Task to complete:
All lines in the entries below that hold "blocks" make up the answer.

Excerpted data:
◇ ◇ ◇

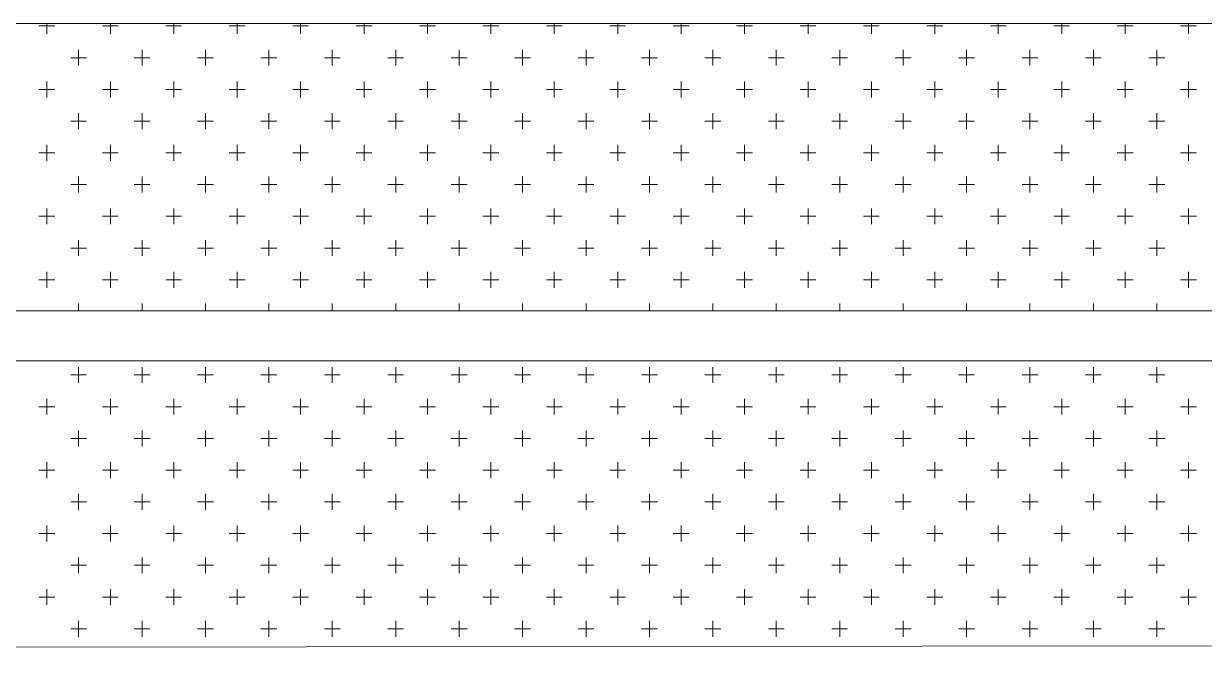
# Model space of a CAD drawing. Header units: millimetres. Extents: x -395 to 1008, y 9 to 692.
# Drawn here: x -324.631 to -322.267, y 26.772 to 28.071 of the extents above; entities that cross this region are included whole.
import ezdxf

# ---------------------------------------------------------------- set-up
doc = ezdxf.new("R2010")
doc.units = ezdxf.units.MM
doc.header["$LTSCALE"] = 0.1
doc.header["$MEASUREMENT"] = 0
doc.layers.add('.10 ultra fina', color=240, linetype='Continuous', lineweight=5)

# ---------------------------------------------------------------- blocks, each defined once
blk = doc.blocks.new('etwew')
at = {"layer": '.10 ultra fina', "color": 240, "lineweight": 5}
for p, q in [((356.4279, 88.1574), (382.885, 88.1574)), ((368.5995, 88.1527), (368.6312, 88.1527)), ((368.6154, 88.1368), (368.6154, 88.1574)), ((368.7265, 88.1527), (368.7582, 88.1527)), ((368.7424, 88.1368), (368.7424, 88.1574)), ((368.8535, 88.1527), (368.8852, 88.1527)), ((368.8694, 88.1368), (368.8694, 88.1574)), ((368.9805, 88.1527), (369.0122, 88.1527)), ((368.9964, 88.1368), (368.9964, 88.1574)), ((369.1075, 88.1527), (369.1392, 88.1527)), ((369.1234, 88.1368), (369.1234, 88.1574)), ((369.2345, 88.1527), (369.2662, 88.1527)), ((369.2504, 88.1368), (369.2504, 88.1574)), ((369.3615, 88.1527), (369.3932, 88.1527)), ((369.3774, 88.1368), (369.3774, 88.1574)), ((369.4885, 88.1527), (369.5202, 88.1527)), ((369.5044, 88.1368), (369.5044, 88.1574)), ((369.6155, 88.1527), (369.6472, 88.1527)), ((369.6314, 88.1368), (369.6314, 88.1574)), ((369.7425, 88.1527), (369.7742, 88.1527)), ((369.7584, 88.1368), (369.7584, 88.1574)), ((369.8695, 88.1527), (369.9012, 88.1527)), ((369.8854, 88.1368), (369.8854, 88.1574)), ((369.9965, 88.1527), (370.0282, 88.1527)), ((370.0124, 88.1368), (370.0124, 88.1574)), ((370.1235, 88.1527), (370.1552, 88.1527)), ((370.1394, 88.1368), (370.1394, 88.1574)), ((370.2505, 88.1527), (370.2822, 88.1527)), ((370.2664, 88.1368), (370.2664, 88.1574)), ((370.3775, 88.1527), (370.4092, 88.1527)), ((370.3934, 88.1368), (370.3934, 88.1574)), ((370.5045, 88.1527), (370.5362, 88.1527)), ((370.5204, 88.1368), (370.5204, 88.1574)), ((370.6315, 88.1527), (370.6632, 88.1527)), ((370.6474, 88.1368), (370.6474, 88.1574)), ((370.7585, 88.1527), (370.7902, 88.1527)), ((370.7744, 88.1368), (370.7744, 88.1574)), ((370.8855, 88.1527), (370.9172, 88.1527)), ((370.9014, 88.1368), (370.9014, 88.1574)), ((368.6789, 88.0733), (368.6789, 88.1051)), ((368.8059, 88.0733), (368.8059, 88.1051)), ((368.9329, 88.0733), (368.9329, 88.1051)), ((369.0599, 88.0733), (369.0599, 88.1051)), ((369.1869, 88.0733), (369.1869, 88.1051)), ((369.3139, 88.0733), (369.3139, 88.1051)), ((369.4409, 88.0733), (369.4409, 88.1051)), ((369.5679, 88.0733), (369.5679, 88.1051)), ((369.6949, 88.0733), (369.6949, 88.1051)), ((369.8219, 88.0733), (369.8219, 88.1051)), ((369.9489, 88.0733), (369.9489, 88.1051)), ((370.0759, 88.0733), (370.0759, 88.1051)), ((370.2029, 88.0733), (370.2029, 88.1051)), ((370.3299, 88.0733), (370.3299, 88.1051)), ((370.4569, 88.0733), (370.4569, 88.1051)), ((370.5839, 88.0733), (370.5839, 88.1051)), ((370.7109, 88.0733), (370.7109, 88.1051)), ((370.8379, 88.0733), (370.8379, 88.1051)), ((368.663, 88.0892), (368.6947, 88.0892)), ((368.79, 88.0892), (368.8217, 88.0892)), ((368.917, 88.0892), (368.9487, 88.0892)), ((369.044, 88.0892), (369.0757, 88.0892)), ((369.171, 88.0892), (369.2027, 88.0892)), ((369.298, 88.0892), (369.3297, 88.0892)), ((369.425, 88.0892), (369.4567, 88.0892)), ((369.552, 88.0892), (369.5837, 88.0892)), ((369.679, 88.0892), (369.7107, 88.0892)), ((369.806, 88.0892), (369.8377, 88.0892)), ((369.933, 88.0892), (369.9647, 88.0892)), ((370.06, 88.0892), (370.0917, 88.0892)), ((370.187, 88.0892), (370.2187, 88.0892)), ((370.314, 88.0892), (370.3457, 88.0892)), ((370.441, 88.0892), (370.4727, 88.0892)), ((370.568, 88.0892), (370.5997, 88.0892)), ((370.695, 88.0892), (370.7267, 88.0892)), ((370.822, 88.0892), (370.8537, 88.0892)), ((368.5995, 88.0257), (368.6312, 88.0257)), ((368.6154, 88.0098), (368.6154, 88.0416)), ((368.7265, 88.0257), (368.7582, 88.0257)), ((368.7424, 88.0098), (368.7424, 88.0416)), ((368.8535, 88.0257), (368.8852, 88.0257)), ((368.8694, 88.0098), (368.8694, 88.0416)), ((368.9805, 88.0257), (369.0122, 88.0257)), ((368.9964, 88.0098), (368.9964, 88.0416)), ((369.1075, 88.0257), (369.1392, 88.0257)), ((369.1234, 88.0098), (369.1234, 88.0416)), ((369.2345, 88.0257), (369.2662, 88.0257)), ((369.2504, 88.0098), (369.2504, 88.0416)), ((369.3615, 88.0257), (369.3932, 88.0257)), ((369.3774, 88.0098), (369.3774, 88.0416)), ((369.4885, 88.0257), (369.5202, 88.0257)), ((369.5044, 88.0098), (369.5044, 88.0416)), ((369.6155, 88.0257), (369.6472, 88.0257)), ((369.6314, 88.0098), (369.6314, 88.0416)), ((369.7425, 88.0257), (369.7742, 88.0257)), ((369.7584, 88.0098), (369.7584, 88.0416)), ((369.8695, 88.0257), (369.9012, 88.0257)), ((369.8854, 88.0098), (369.8854, 88.0416)), ((369.9965, 88.0257), (370.0282, 88.0257)), ((370.0124, 88.0098), (370.0124, 88.0416)), ((370.1235, 88.0257), (370.1552, 88.0257)), ((370.1394, 88.0098), (370.1394, 88.0416)), ((370.2505, 88.0257), (370.2822, 88.0257)), ((370.2664, 88.0098), (370.2664, 88.0416)), ((370.3775, 88.0257), (370.4092, 88.0257)), ((370.3934, 88.0098), (370.3934, 88.0416)), ((370.5045, 88.0257), (370.5362, 88.0257)), ((370.5204, 88.0098), (370.5204, 88.0416)), ((370.6315, 88.0257), (370.6632, 88.0257)), ((370.6474, 88.0098), (370.6474, 88.0416)), ((370.7585, 88.0257), (370.7902, 88.0257)), ((370.7744, 88.0098), (370.7744, 88.0416)), ((370.8855, 88.0257), (370.9172, 88.0257)), ((370.9014, 88.0098), (370.9014, 88.0416)), ((368.6789, 87.9463), (368.6789, 87.9781)), ((368.8059, 87.9463), (368.8059, 87.9781)), ((368.9329, 87.9463), (368.9329, 87.9781)), ((369.0599, 87.9463), (369.0599, 87.9781)), ((369.1869, 87.9463), (369.1869, 87.9781)), ((369.3139, 87.9463), (369.3139, 87.9781)), ((369.4409, 87.9463), (369.4409, 87.9781)), ((369.5679, 87.9463), (369.5679, 87.9781)), ((369.6949, 87.9463), (369.6949, 87.9781)), ((369.8219, 87.9463), (369.8219, 87.9781)), ((369.9489, 87.9463), (369.9489, 87.9781)), ((370.0759, 87.9463), (370.0759, 87.9781)), ((370.2029, 87.9463), (370.2029, 87.9781)), ((370.3299, 87.9463), (370.3299, 87.9781)), ((370.4569, 87.9463), (370.4569, 87.9781)), ((370.5839, 87.9463), (370.5839, 87.9781)), ((370.7109, 87.9463), (370.7109, 87.9781)), ((370.8379, 87.9463), (370.8379, 87.9781)), ((368.663, 87.9622), (368.6947, 87.9622)), ((368.79, 87.9622), (368.8217, 87.9622)), ((368.917, 87.9622), (368.9487, 87.9622)), ((369.044, 87.9622), (369.0757, 87.9622)), ((369.171, 87.9622), (369.2027, 87.9622)), ((369.298, 87.9622), (369.3297, 87.9622)), ((369.425, 87.9622), (369.4567, 87.9622)), ((369.552, 87.9622), (369.5837, 87.9622)), ((369.679, 87.9622), (369.7107, 87.9622)), ((369.806, 87.9622), (369.8377, 87.9622)), ((369.933, 87.9622), (369.9647, 87.9622)), ((370.06, 87.9622), (370.0917, 87.9622)), ((370.187, 87.9622), (370.2187, 87.9622)), ((370.314, 87.9622), (370.3457, 87.9622)), ((370.441, 87.9622), (370.4727, 87.9622)), ((370.568, 87.9622), (370.5997, 87.9622)), ((370.695, 87.9622), (370.7267, 87.9622)), ((370.822, 87.9622), (370.8537, 87.9622)), ((368.6154, 87.8828), (368.6154, 87.9146)), ((368.7424, 87.8828), (368.7424, 87.9146)), ((368.8694, 87.8828), (368.8694, 87.9146)), ((368.9964, 87.8828), (368.9964, 87.9146)), ((369.1234, 87.8828), (369.1234, 87.9146)), ((369.2504, 87.8828), (369.2504, 87.9146)), ((369.3774, 87.8828), (369.3774, 87.9146)), ((369.5044, 87.8828), (369.5044, 87.9146)), ((369.6314, 87.8828), (369.6314, 87.9146)), ((369.7584, 87.8828), (369.7584, 87.9146)), ((369.8854, 87.8828), (369.8854, 87.9146)), ((370.0124, 87.8828), (370.0124, 87.9146)), ((370.1394, 87.8828), (370.1394, 87.9146)), ((370.2664, 87.8828), (370.2664, 87.9146)), ((370.3934, 87.8828), (370.3934, 87.9146)), ((370.5204, 87.8828), (370.5204, 87.9146)), ((370.6474, 87.8828), (370.6474, 87.9146)), ((370.7744, 87.8828), (370.7744, 87.9146)), ((370.9014, 87.8828), (370.9014, 87.9146)), ((368.5995, 87.8987), (368.6312, 87.8987)), ((368.7265, 87.8987), (368.7582, 87.8987)), ((368.8535, 87.8987), (368.8852, 87.8987)), ((368.9805, 87.8987), (369.0122, 87.8987)), ((369.1075, 87.8987), (369.1392, 87.8987)), ((369.2345, 87.8987), (369.2662, 87.8987)), ((369.3615, 87.8987), (369.3932, 87.8987)), ((369.4885, 87.8987), (369.5202, 87.8987)), ((369.6155, 87.8987), (369.6472, 87.8987)), ((369.7425, 87.8987), (369.7742, 87.8987)), ((369.8695, 87.8987), (369.9012, 87.8987)), ((369.9965, 87.8987), (370.0282, 87.8987)), ((370.1235, 87.8987), (370.1552, 87.8987)), ((370.2505, 87.8987), (370.2822, 87.8987)), ((370.3775, 87.8987), (370.4092, 87.8987)), ((370.5045, 87.8987), (370.5362, 87.8987)), ((370.6315, 87.8987), (370.6632, 87.8987)), ((370.7585, 87.8987), (370.7902, 87.8987)), ((370.8855, 87.8987), (370.9172, 87.8987)), ((368.663, 87.8352), (368.6947, 87.8352)), ((368.6789, 87.8193), (368.6789, 87.8511)), ((368.79, 87.8352), (368.8217, 87.8352)), ((368.8059, 87.8193), (368.8059, 87.8511)), ((368.917, 87.8352), (368.9487, 87.8352)), ((368.9329, 87.8193), (368.9329, 87.8511)), ((369.044, 87.8352), (369.0757, 87.8352)), ((369.0599, 87.8193), (369.0599, 87.8511)), ((369.171, 87.8352), (369.2027, 87.8352)), ((369.1869, 87.8193), (369.1869, 87.8511)), ((369.298, 87.8352), (369.3297, 87.8352)), ((369.3139, 87.8193), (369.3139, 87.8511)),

◇ ◇ ◇

Answer box:
# ---------------------------------------------------------------- blocks, each defined once
blk = doc.blocks.new('etwew')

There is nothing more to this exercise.